Married some 65 years, Ruby and Lou were inseparable. I really can’t remember seeing one without the other and I’ll always cherish a football trip so many years ago when they accompanied the team to a game in their home state.
Visitation will be held Sunday afternoon at Garden City Funeral Home while services will be held at 11 a.m. Monday at Mountain View Community Church, 3821 Stephens Ave.
I have long maintained, even as far back as the Bill Moos tenure as the University of Montana Athletic Director, that a break in college football would occur placing the revenue schools in their own division, maybe even outside of NCAA control, and the remainder of the nation’s programs competing at some unnamed “lower” level.
And while it seems such a possible scenario remains a ways off, with the way schools are deserting conference affiliations, is such a Super Division not inevitable?
It sure would put an end to those “move-up” theorists who remain convinced, even with the football demise of the WAC that the Grizzlies need to play more top-notch competition and especially upgrade the non-conference home schedule.
Money games against FBS schools are a thing of the past with most conferences preventing members from playing a school like Montana but future football schedules with games against such premier football programs like Appalachian State are promising.
And now surfaces word that the University of Idaho, which fled the Big Sky Conference for the WAC along with Boise State is shopping for a league because the current WAC ensemble shrinks to just a pair of football members in 2013.
A decision as to an Idaho return is expected by early this summer.
Currently with 13 football members and 11 all-sport participants, The Big Sky seems a logical place for the Vandals and I believe it won’t be long before a two-division circuit will little resemble the league’s 1963 roots.
It can never be a bad thing when student athletes assert leadership on a team.

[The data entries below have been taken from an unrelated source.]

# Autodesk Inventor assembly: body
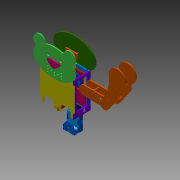
[picture p0: Inventor's stored thumbnail of the model, 180x180]
Saved by Autodesk Inventor 2013 (Build 170138000, 138)
## iProperties
Created: 2012-09-08
Part Number: body
Document SubType Name: Assembly
Designer: frankenteddy
Author: frankenteddy
## Documents named in this file (18)
- C:\Users\frankenteddy\Desktop\oshawatt1\body.iam
- C:\Users\frankenteddy\Desktop\oshawatt1\body-back.ipt
- C:\Users\frankenteddy\Desktop\oshawatt1\body-front.ipt
- C:\Users\frankenteddy\Desktop\oshawatt1\body-side.ipt
- C:\Users\frankenteddy\Desktop\oshawatt1\body-clips.ipt
- C:\Users\frankenteddy\Desktop\oshawatt1\arm-servo.ipt
- C:\Users\frankenteddy\Desktop\oshawatt1\arm-brack.iam
- C:\Users\frankenteddy\Desktop\oshawatt1\head-scotchyoke.ipt
- C:\Users\frankenteddy\Desktop\oshawatt1\head-scotchyoke-circle.ipt
- C:\Users\frankenteddy\Desktop\oshawatt1\body-scotchyoke-plate.ipt
- C:\Users\frankenteddy\Desktop\oshawatt1\body-scotchyoke-supports.ipt
- C:\Users\frankenteddy\Desktop\oshawatt1\body-clip-bottom.ipt
- C:\Users\frankenteddy\Desktop\oshawatt1\head-strut.ipt
- C:\Users\frankenteddy\Desktop\oshawatt1\head-back.ipt
- C:\Users\frankenteddy\Desktop\oshawatt1\head-front.ipt
- C:\Users\frankenteddy\Desktop\oshawatt1\head-nose.ipt
- C:\Users\frankenteddy\Desktop\oshawatt1\arm-assembled.iam
- C:\Users\frankenteddy\Desktop\oshawatt1\foot-assembled.iam
## Components (18 placed, 17 different names)
1. body-back:1 — Mate:7, Mate:8, Mate:9, Mate:10
2. body-front:1
3. body-side:1 — Mate:10
4. body-clips:1 — Mate:7, Mate:8, Mate:9
5. arm-servo:1
6. arm-brack:1 [sub-assembly]
7. head-scotchyoke:1
8. head-scotchyoke-circle:1
9. body-scotchyoke-plate:1
10. body-scotchyoke-supports:1
11. body-clip-bottom:1
12. head-strut:1
13. head-back:1
14. head-front:1
15. head-nose:1
16. arm-assembled:1 [sub-assembly]
17. foot-assembled:1 [sub-assembly]
18. foot-assembled:2 [sub-assembly]
## Relationships (4: Mate 4)
- Mate:7: body-back:1 ↔ body-clips:1
- Mate:8: body-back:1 ↔ body-clips:1
- Mate:9: body-back:1 ↔ body-clips:1
- Mate:10: body-back:1 ↔ body-side:1
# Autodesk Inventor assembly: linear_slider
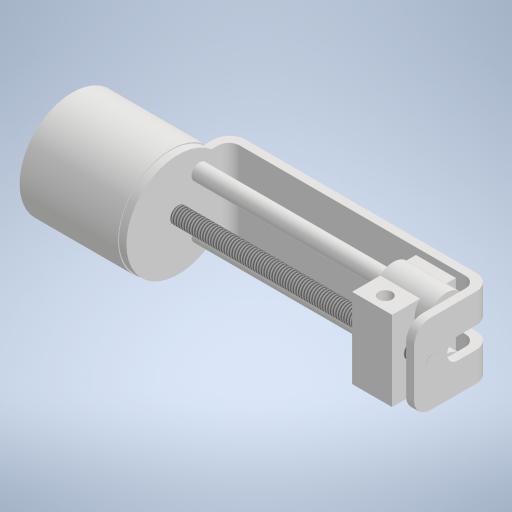
[picture p0: Inventor's stored thumbnail of the model, 512x512]
Saved by Autodesk Inventor 2024 (Build 280153000, 153)
## iProperties
Created: 2024-09-20
Part Number: linear_slider
Document SubType Name: Assembly
Designer: 1412z
Author: 1412z
## Documents named in this file (6)
- C:\Users\1412z\OneDrive\デスクトップ\研究室\農業ロボット\エンドエフェクタ\リニアガイドスライドテーブル\linear_slider.iam
- C:\Users\1412z\OneDrive\デスクトップ\研究室\農業ロボット\エンドエフェクタ\リニアガイドスライドテーブル\body.ipt
- C:\Users\1412z\OneDrive\デスクトップ\研究室\農業ロボット\エンドエフェクタ\リニアガイドスライドテーブル\stepping_motor.ipt
- C:\Users\1412z\OneDrive\デスクトップ\研究室\農業ロボット\エンドエフェクタ\リニアガイドスライドテーブル\shaft_screw.ipt
- C:\Users\1412z\OneDrive\デスクトップ\研究室\農業ロボット\エンドエフェクタ\リニアガイドスライドテーブル\shaft.ipt
- C:\Users\1412z\OneDrive\デスクトップ\研究室\農業ロボット\エンドエフェクタ\リニアガイドスライドテーブル\moving_part.ipt
## Components (6 placed, 5 different names)
1. body:1 — メイト:1, メイト:2, メイト:3, メイト:4, メイト:5, メイト:6, メイト:7, メイト:8
2. stepping_motor:1 — メイト:1, メイト:2, メイト:3, メイト:9
3. shaft_screw:1 — メイト:4, メイト:5
4. shaft:1 — メイト:8, メイト:9, 円柱状:1
5. shaft:2 — メイト:6, メイト:7, 円柱状:2
6. moving_part:1 — 円柱状:1, 円柱状:2
## Relationships (11: Mate 9, CylindricalJoint 2)
- メイト:1 [Mate]: body:1 ↔ stepping_motor:1
- メイト:2 [Mate]: body:1 ↔ stepping_motor:1
- メイト:3 [Mate]: body:1 ↔ stepping_motor:1
- メイト:4 [Mate]: body:1 ↔ shaft_screw:1
- メイト:5 [Mate]: body:1 ↔ shaft_screw:1
- メイト:6 [Mate]: body:1 ↔ shaft:2
- メイト:7 [Mate]: body:1 ↔ shaft:2
- メイト:8 [Mate]: body:1 ↔ shaft:1
- メイト:9 [Mate]: stepping_motor:1 ↔ shaft:1
- 円柱状:1 [CylindricalJoint]: shaft:1 ↔ moving_part:1
- 円柱状:2 [CylindricalJoint]: shaft:2 ↔ moving_part:1
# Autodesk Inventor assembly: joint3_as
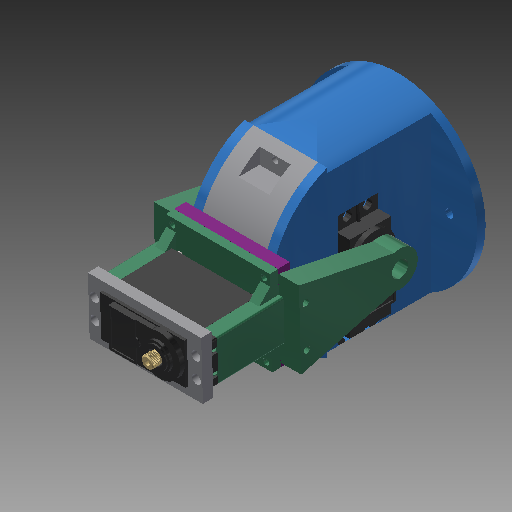
[picture p0: Inventor's stored thumbnail of the model, 512x512]
Saved by Autodesk Inventor 2019 (Build 230136000, 136)
## iProperties
Created: 2019-12-29
Part Number: joint3_as
Material: Типовые
Document SubType Name: Assembly
Designer: Петров Иван
Author: Петров Иван
## Documents named in this file (7)
- E:\IVAN\Ivan_desktop\GitHub\Arm_manip\hardware\МД.001.800 - Звено 3.iam
- E:\IVAN\Ivan_desktop\GitHub\Arm_manip\hardware\МД.001.801 - Основа.ipt
- E:\IVAN\Ivan_desktop\GitHub\Arm_manip\hardware\Standart_things\tower prone.ipt
- E:\IVAN\Ivan_desktop\GitHub\Arm_manip\hardware\МД.001.802 - Рычаг.ipt
- E:\IVAN\Ivan_desktop\GitHub\Arm_manip\hardware\МД.001.803 - Скользящая пластина.ipt
- E:\IVAN\Ivan_desktop\GitHub\Arm_manip\hardware\МД.001.804 - Крышка.ipt
- E:\IVAN\Ivan_desktop\GitHub\Arm_manip\hardware\МД.001.1000 - Захват.iam
## Components (7 placed, 6 different names)
1. МД.001.801 - Основа:1 — Совмещение:1, Совмещение:2, Совмещение:3, Совмещение:6, Совмещение:7, Совмещение:12, Совмещение:13, Совмещение:14
2. tower prone:1 — Совмещение:1, Совмещение:2, Совмещение:3, Совмещение:4, Совмещение:5
3. МД.001.802 - Рычаг:1 — Совмещение:4, Совмещение:5, Совмещение:9, Заподлицо:1, Совмещение:15, Совмещение:16
4. МД.001.802 - Рычаг:2 — Совмещение:6, Совмещение:7, Совмещение:17, Совмещение:18
5. МД.001.803 - Скользящая пластина:1 — Совмещение:9, Заподлицо:1, Совмещение:15, Совмещение:16, Совмещение:17, Совмещение:18, Совмещение:19, Совмещение:20, Совмещение:21
6. МД.001.804 - Крышка:1 — Совмещение:12, Совмещение:13, Совмещение:14
7. МД.001.1000 - Захват:1 [sub-assembly] — Совмещение:19, Совмещение:20, Совмещение:21
## Relationships (19: Mate 18, Flush 1)
- Совмещение:1 [Mate]: МД.001.801 - Основа:1 ↔ tower prone:1
- Совмещение:2 [Mate]: МД.001.801 - Основа:1 ↔ tower prone:1
- Совмещение:3 [Mate]: МД.001.801 - Основа:1 ↔ tower prone:1
- Совмещение:4 [Mate]: tower prone:1 ↔ МД.001.802 - Рычаг:1
- Совмещение:5 [Mate]: tower prone:1 ↔ МД.001.802 - Рычаг:1
- Совмещение:6 [Mate]: МД.001.801 - Основа:1 ↔ МД.001.802 - Рычаг:2
- Совмещение:7 [Mate]: МД.001.801 - Основа:1 ↔ МД.001.802 - Рычаг:2
- Совмещение:9 [Mate]: МД.001.802 - Рычаг:1 ↔ МД.001.803 - Скользящая пластина:1
- Заподлицо:1 [Flush]: МД.001.802 - Рычаг:1 ↔ МД.001.803 - Скользящая пластина:1
- Совмещение:12 [Mate]: МД.001.801 - Основа:1 ↔ МД.001.804 - Крышка:1
- Совмещение:13 [Mate]: МД.001.801 - Основа:1 ↔ МД.001.804 - Крышка:1
- Совмещение:14 [Mate]: МД.001.801 - Основа:1 ↔ МД.001.804 - Крышка:1
- Совмещение:15 [Mate]: МД.001.802 - Рычаг:1 ↔ МД.001.803 - Скользящая пластина:1
- Совмещение:16 [Mate]: МД.001.802 - Рычаг:1 ↔ МД.001.803 - Скользящая пластина:1
- Совмещение:17 [Mate]: МД.001.802 - Рычаг:2 ↔ МД.001.803 - Скользящая пластина:1
- Совмещение:18 [Mate]: МД.001.802 - Рычаг:2 ↔ МД.001.803 - Скользящая пластина:1
- Совмещение:19 [Mate]: МД.001.803 - Скользящая пластина:1 ↔ МД.001.1000 - Захват:1
- Совмещение:20 [Mate]: МД.001.803 - Скользящая пластина:1 ↔ МД.001.1000 - Захват:1
- Совмещение:21 [Mate]: МД.001.803 - Скользящая пластина:1 ↔ МД.001.1000 - Захват:1
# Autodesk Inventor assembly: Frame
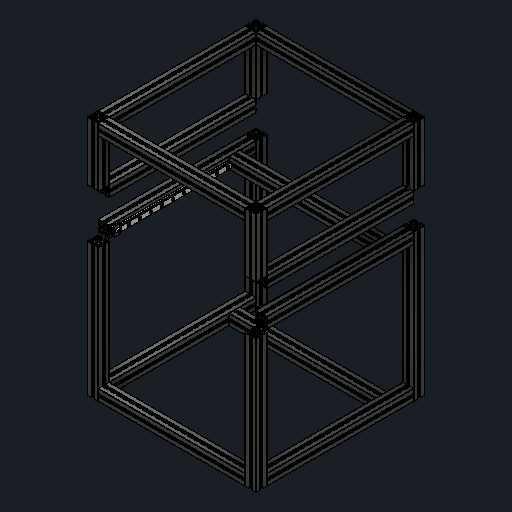
[picture p0: Inventor's stored thumbnail of the model, 512x512]
Saved by Autodesk Inventor 2026.2 (Build 302298000, 298)
## iProperties
Created: 2025-05-09
Part Number: Frame
Document SubType Name: Assembly
Designer: AdminForWorker
Title: Frame
Author: AdminForWorker
## Documents named in this file (13)
- C:\Users\JoshuaEah\Documents\GitHub\Voron-0\CAD\Frame\Frame.iam
- C:\Users\JoshuaEah\Documents\GitHub\Voron-0\CAD\Hardware\Linear Rail\MGN7 Rail 150mm.iam
- MGN7 150mm Rail.iam
- C:\Users\JoshuaEah\Documents\GitHub\Voron-0\CAD\Frame\Parts\Rail Stop.iam
- C:\Users\JoshuaEah\Documents\GitHub\Voron-0\CAD\Frame\Foam Tape.iam
- C:\Users\JoshuaEah\Documents\GitHub\Voron-0\CAD\Frame\Parts\1515_200mm - E.ipt
- C:\Users\JoshuaEah\Documents\GitHub\Voron-0\CAD\Frame\Parts\1515_200mm - C.ipt
- C:\Users\JoshuaEah\Documents\GitHub\Voron-0\CAD\Frame\Parts\1515_200mm - B.ipt
- C:\Users\JoshuaEah\Documents\GitHub\Voron-0\CAD\Hardware\Fasteners\M3x8 BHCS.ipt
- C:\Users\JoshuaEah\Documents\GitHub\Voron-0\CAD\Hardware\Fasteners\M3x10 BHCS.ipt
- C:\Users\JoshuaEah\Documents\GitHub\Voron-0\CAD\Frame\Parts\1515 200mm - A.ipt
- C:\Users\JoshuaEah\Documents\GitHub\Voron-0\CAD\Frame\Parts\1515 80mm - H.ipt
- C:\Users\JoshuaEah\Documents\GitHub\Voron-0\CAD\Frame\Parts\1515_200mm - D (Alternate).ipt
## Components (48 placed, 11 different names)
1. MGN7 150mm Rail:3 [sub-assembly] — Mate:20
2. MGN7 150mm Rail:4 [sub-assembly] — Mate:22
3. Rail Stop:1 [sub-assembly] — Mate:20
4. Rail Stop:2 [sub-assembly] — Mate:22
5. Foam Tape:1 [sub-assembly]
6. 1515 200mm - A:1
7. 1515 200mm - A:2
8. 1515 200mm - A:3
9. 1515 200mm - A:4
10. 1515_200mm - C:1
11. 1515_200mm - C:2
12. 1515_200mm - B:1 — Flush:115, Flush:116
13. 1515_200mm - B:2
14. 1515_200mm - B:3
15. 1515_200mm - B:4
16. 1515_200mm - B:5
17. 1515_200mm - D:1 — Flush:116
18. 1515_200mm - D:2 — Flush:115
19. 1515_200mm - E:1
20. 1515_200mm - E:2
21. 1515_200mm - E:3
22. 1515_200mm - E:4
23. 1515 80mm - H:1
24. 1515 80mm - H:2
25. 1515 80mm - H:3
26. 1515 80mm - H:4
27. M3x8 BHCS:1
28. M3x8 BHCS:2
29. M3x8 BHCS:3
30. M3x8 BHCS:4
31. M3x8 BHCS:5
32. M3x8 BHCS:6
33. M3x8 BHCS:7
34. M3x8 BHCS:8
35. M3x8 BHCS:9
36. M3x8 BHCS:11
37. M3x8 BHCS:13
38. M3x8 BHCS:14
39. M3x8 BHCS:35
40. M3x8 BHCS:36
41. M3x10 BHCS:1
42. M3x10 BHCS:2
43. M3x10 BHCS:3
44. M3x10 BHCS:4
45. M3x10 BHCS:5
46. M3x10 BHCS:6
47. M3x10 BHCS:7
48. M3x10 BHCS:8
## Relationships (148: Mate 77, Flush 71)
- [Mate]: MGN7 150mm Rail:3 ↔ 1515_200mm - E:1
- [Mate] (0.1 mm): MGN7 150mm Rail:3 ↔ 1515_200mm - E:1
- [Flush] (38 mm): MGN7 150mm Rail:3 ↔ 1515_200mm - E:1
- [Flush] (38 mm): MGN7 150mm Rail:4 ↔ 1515_200mm - E:3
- [Mate]: MGN7 150mm Rail:4 ↔ 1515_200mm - E:3
- [Mate] (0.1 mm): MGN7 150mm Rail:4 ↔ 1515_200mm - E:3
- [Mate]: Rail Stop:1 ↔ 1515_200mm - E:1
- Mate:20: MGN7 150mm Rail:3 ↔ Rail Stop:1
- [Flush]: Rail Stop:1 ↔ 1515_200mm - E:1
- [Mate]: Rail Stop:2 ↔ 1515_200mm - E:3
- Mate:22: MGN7 150mm Rail:4 ↔ Rail Stop:2
- [Flush]: Rail Stop:2 ↔ 1515_200mm - E:3
- [Mate]: Foam Tape:1 ↔ 1515_200mm - E:1
- [Flush]: Foam Tape:1 ↔ 1515_200mm - E:1
- [Mate]: Foam Tape:1 ↔ 1515_200mm - E:4
- [Flush]: Foam Tape:1 ↔ 1515_200mm - E:4
- [Mate]: Foam Tape:1 ↔ 1515_200mm - E:3
- [Flush]: Foam Tape:1 ↔ 1515_200mm - E:3
- [Mate]: Foam Tape:1 ↔ 1515_200mm - E:2
- [Flush]: Foam Tape:1 ↔ 1515_200mm - E:2
- [Mate]: Foam Tape:1 ↔ 1515 200mm - A:1
- [Flush]: Foam Tape:1 ↔ 1515 200mm - A:1
- [Flush]: Foam Tape:1 ↔ 1515 200mm - A:1
- [Mate]: Foam Tape:1 ↔ 1515_200mm - B:3
- [Flush]: Foam Tape:1 ↔ 1515_200mm - B:3
- [Flush]: Foam Tape:1 ↔ 1515_200mm - B:3
- [Mate]: Foam Tape:1 ↔ 1515 200mm - A:3
- [Flush]: Foam Tape:1 ↔ 1515 200mm - A:3
- [Flush]: Foam Tape:1 ↔ 1515 200mm - A:3
- [Mate]: Foam Tape:1 ↔ 1515_200mm - B:2
- [Flush]: Foam Tape:1 ↔ 1515_200mm - B:2
- [Flush]: Foam Tape:1 ↔ 1515_200mm - B:2
- [Mate]: Foam Tape:1 ↔ 1515 80mm - H:1
- [Flush]: Foam Tape:1 ↔ 1515 80mm - H:1
- [Flush]: Foam Tape:1 ↔ 1515 80mm - H:1
- [Mate]: Foam Tape:1 ↔ 1515 80mm - H:3
- [Flush]: Foam Tape:1 ↔ 1515 80mm - H:3
- [Flush]: Foam Tape:1 ↔ 1515 80mm - H:3
- [Mate]: Foam Tape:1 ↔ 1515_200mm - C:2
- [Flush]: Foam Tape:1 ↔ 1515_200mm - C:2
- [Flush]: Foam Tape:1 ↔ 1515_200mm - C:2
- [Mate]: Foam Tape:1 ↔ 1515_200mm - D:2
- [Flush]: Foam Tape:1 ↔ 1515_200mm - D:2
- [Flush]: Foam Tape:1 ↔ 1515_200mm - E:4
- [Flush]: Foam Tape:1 ↔ 1515_200mm - E:1
- [Mate]: Foam Tape:1 ↔ 1515_200mm - D:1
- [Flush]: Foam Tape:1 ↔ 1515_200mm - D:1
- [Mate]: Foam Tape:1 ↔ 1515_200mm - C:1
- [Flush]: Foam Tape:1 ↔ 1515_200mm - C:1
- [Flush]: Foam Tape:1 ↔ 1515_200mm - C:1
- [Flush]: Foam Tape:1 ↔ 1515_200mm - E:2
- [Flush]: Foam Tape:1 ↔ 1515_200mm - E:3
- [Mate]: Foam Tape:1 ↔ 1515 80mm - H:4
- [Flush]: Foam Tape:1 ↔ 1515 80mm - H:4
- [Flush]: Foam Tape:1 ↔ 1515 80mm - H:4
- [Mate]: Foam Tape:1 ↔ 1515 80mm - H:2
- [Flush]: Foam Tape:1 ↔ 1515 80mm - H:2
- [Flush]: Foam Tape:1 ↔ 1515 80mm - H:2
- [Mate]: Foam Tape:1 ↔ 1515_200mm - D:2
- [Flush]: Foam Tape:1 ↔ 1515_200mm - D:2
- [Mate]: Foam Tape:1 ↔ 1515_200mm - D:1
- [Flush]: Foam Tape:1 ↔ 1515_200mm - D:1
- [Mate]: Foam Tape:1 ↔ 1515 80mm - H:4
- [Flush]: Foam Tape:1 ↔ 1515 80mm - H:4
- [Flush]: Foam Tape:1 ↔ 1515 80mm - H:4
- [Mate]: Foam Tape:1 ↔ 1515 80mm - H:3
- [Flush]: Foam Tape:1 ↔ 1515 80mm - H:3
- [Flush]: Foam Tape:1 ↔ 1515 80mm - H:3
- [Mate]: Foam Tape:1 ↔ 1515_200mm - B:1
- [Flush]: Foam Tape:1 ↔ 1515_200mm - B:1
- [Flush]: Foam Tape:1 ↔ 1515_200mm - B:1
- [Mate]: Foam Tape:1 ↔ 1515 200mm - A:4
- [Flush]: Foam Tape:1 ↔ 1515 200mm - A:4
- [Flush]: Foam Tape:1 ↔ 1515 200mm - A:4
- [Mate]: Foam Tape:1 ↔ 1515 200mm - A:1
- [Flush]: Foam Tape:1 ↔ 1515 200mm - A:1
- [Flush]: Foam Tape:1 ↔ 1515 200mm - A:1
- [Mate]: Foam Tape:1 ↔ 1515 200mm - A:3
- [Flush]: Foam Tape:1 ↔ 1515 200mm - A:3
- [Flush]: Foam Tape:1 ↔ 1515 200mm - A:3
- [Mate]: Foam Tape:1 ↔ 1515_200mm - C:1
- [Flush]: Foam Tape:1 ↔ 1515_200mm - C:1
- [Flush]: Foam Tape:1 ↔ 1515_200mm - C:1
- [Mate]: Foam Tape:1 ↔ 1515_200mm - C:2
- [Flush]: Foam Tape:1 ↔ 1515_200mm - C:2
- [Flush]: Foam Tape:1 ↔ 1515_200mm - C:2
- [Mate]: Foam Tape:1 ↔ 1515 80mm - H:2
- [Flush]: Foam Tape:1 ↔ 1515 80mm - H:2
- [Flush]: Foam Tape:1 ↔ 1515 80mm - H:2
- [Mate]: Foam Tape:1 ↔ 1515 80mm - H:1
- [Flush]: Foam Tape:1 ↔ 1515 80mm - H:1
- [Flush]: Foam Tape:1 ↔ 1515 80mm - H:1
- [Mate]: Foam Tape:1 ↔ 1515 200mm - A:2
- [Flush]: Foam Tape:1 ↔ 1515 200mm - A:2
- [Flush]: Foam Tape:1 ↔ 1515 200mm - A:2
- [Flush]: 1515_200mm - D:2 ↔ 1515_200mm - E:1
- [Mate]: 1515_200mm - D:2 ↔ 1515_200mm - E:1
- [Mate]: 1515_200mm - C:2 ↔ M3x8 BHCS:11
- [Mate]: 1515_200mm - C:2 ↔ M3x8 BHCS:11
- [Mate]: 1515_200mm - C:1 ↔ M3x8 BHCS:9
- [Mate]: 1515_200mm - C:1 ↔ M3x8 BHCS:9
- [Mate]: 1515_200mm - E:4 ↔ M3x8 BHCS:7
- [Mate]: 1515_200mm - E:4 ↔ M3x8 BHCS:3
- [Mate]: 1515_200mm - E:2 ↔ M3x8 BHCS:4
- [Mate]: 1515_200mm - E:2 ↔ M3x8 BHCS:8
- [Mate]: 1515_200mm - C:2 ↔ M3x8 BHCS:7
- [Mate]: 1515_200mm - C:2 ↔ 1515_200mm - E:4
- [Flush]: 1515_200mm - C:2 ↔ 1515_200mm - E:4
- [Flush]: 1515_200mm - C:2 ↔ 1515_200mm - E:4
- [Mate]: 1515_200mm - D:2 ↔ M3x8 BHCS:3
- [Mate]: 1515_200mm - D:2 ↔ 1515_200mm - E:4
- [Flush]: 1515_200mm - D:2 ↔ 1515_200mm - E:4
- [Mate]: 1515_200mm - B:1 ↔ M3x8 BHCS:5
- [Mate]: 1515_200mm - B:1 ↔ M3x8 BHCS:2
- [Mate]: 1515_200mm - D:2 ↔ M3x8 BHCS:2
- [Mate]: 1515_200mm - D:1 ↔ M3x8 BHCS:5
- [Flush]: 1515_200mm - B:1 ↔ 1515_200mm - D:1
- [Mate]: 1515_200mm - B:1 ↔ 1515_200mm - D:1
- [Mate]: 1515_200mm - B:1 ↔ 1515_200mm - D:2
- [Flush]: 1515_200mm - B:1 ↔ 1515_200mm - D:2
- [Mate]: 1515_200mm - E:3 ↔ M3x8 BHCS:9
- [Mate]: 1515_200mm - C:1 ↔ 1515_200mm - E:3
- [Mate]: 1515_200mm - D:1 ↔ 1515_200mm - E:3
- [Flush]: 1515_200mm - D:1 ↔ 1515_200mm - E:2
- [Mate]: 1515_200mm - C:1 ↔ M3x8 BHCS:8
- [Mate]: 1515_200mm - D:1 ↔ M3x8 BHCS:4
- [Mate]: 1515_200mm - D:1 ↔ 1515_200mm - E:2
- [Mate]: 1515_200mm - B:4 ↔ M3x8 BHCS:6
- [Mate]: 1515_200mm - B:4 ↔ M3x8 BHCS:1
- [Mate]: 1515_200mm - E:2 ↔ M3x8 BHCS:6
- [Mate]: 1515_200mm - E:4 ↔ M3x8 BHCS:1
- [Mate]: 1515_200mm - B:4 ↔ 1515_200mm - E:4
- [Mate]: 1515_200mm - E:4 ↔ M3x8 BHCS:1
- [Mate]: 1515_200mm - E:2 ↔ M3x8 BHCS:6
- [Flush]: 1515_200mm - B:4 ↔ 1515_200mm - E:4
- [Mate]: 1515_200mm - B:5 ↔ M3x8 BHCS:13
- [Mate]: 1515_200mm - B:5 ↔ M3x8 BHCS:14
- [Mate]: 1515_200mm - E:1 ↔ M3x8 BHCS:14
- [Flush]: 1515_200mm - C:1 ↔ 1515_200mm - E:3
- [Mate]: 1515_200mm - E:3 ↔ M3x8 BHCS:13
- [Mate]: 1515_200mm - E:3 ↔ M3x8 BHCS:13
- [Mate]: 1515_200mm - E:1 ↔ M3x8 BHCS:14
- [Flush]: 1515_200mm - B:5 ↔ 1515_200mm - E:3
- [Mate]: 1515_200mm - B:5 ↔ 1515_200mm - E:3
- [Flush]: 1515_200mm - B:2 ↔ 1515 80mm - H:4
- [Mate]: 1515_200mm - B:2 ↔ 1515 80mm - H:4
- Flush:115: 1515_200mm - B:1 ↔ 1515_200mm - D:2
- Flush:116: 1515_200mm - B:1 ↔ 1515_200mm - D:1
## Named parameters: d167_d49 = 0 mm, d168_d50 = 0 mm, d179_d61 = 0 mm, d180_d62 = 0 mm, d182_d64 = 0 mm, d183_d65 = 0 mm, d185_d67 = 0 mm, d186_d68 = 0 mm, d187_d69 = 0 mm, d188_d70 = 0 mm, d189_d71 = 0 mm, d190_d77 = 0 mm, d191_d78 = 0 mm, d205_d25 = 0 mm, d206_d26 = 0 mm, d207_d27 = 0 mm, d208_d28 = 0 mm, d209_d29 = 0 mm, d210_d30 = 0 mm, d218_d38 = 0 mm, d219_d39 = 0 mm, d220_d40 = 0 mm, d222_d42 = 0 mm

While a coaching staff develops goals and provides the tools, there always is a time during a season when it becomes up to a team to decide just what they want to accomplish and how they proceed.
Sometimes it’s that rah-rah kind of player but often a team leader surfaces by example and not just the way they play but how they conduct themselves off and on the field.
Such leadership can’t be mandated and it also can’t happen artificially.
Next season’s edition of Grizzly football already responded with a letter released to the public indicating their dissatisfaction about how they were being portrayed and the responsibility they felt because of their association with the University of Montana.
But this week it seems surfaces an additional indication of leadership with word that seniors decreed, and the remainder of the team agreed, no member of the football team would communicate on Twitter.
It certainly is not a novel concept and several collegiate and professional teams have adopted such a stance, but it is an outward sign that such instant communication, especially to the public, is inappropriate and if misconstrued could be harmful.
Although I have an account, I do not nor have I ever tweeted, and to tell you the truth, while I am a heavy texter and of course spend an inordinate amount of wasteful time on Facebook, I am not even sure I grasp the concept.
I am after all part of that generation.
But plenty of people do and I guess when I assemble my next Flash Mob, I’ll probably resort to that method.
But let me play Devil’s Advocate.
While I understand why this came about, I am struggling a bit with the concept that someone tells me what and how I chose to communicate.
Personally I have had my share of challenges after texting or sharing or however I choose to communicate and having my message misconstrued, but I’ll take my chances and vow to be speak-type more clearly.
But is it really necessary to have freedom of speech stifled?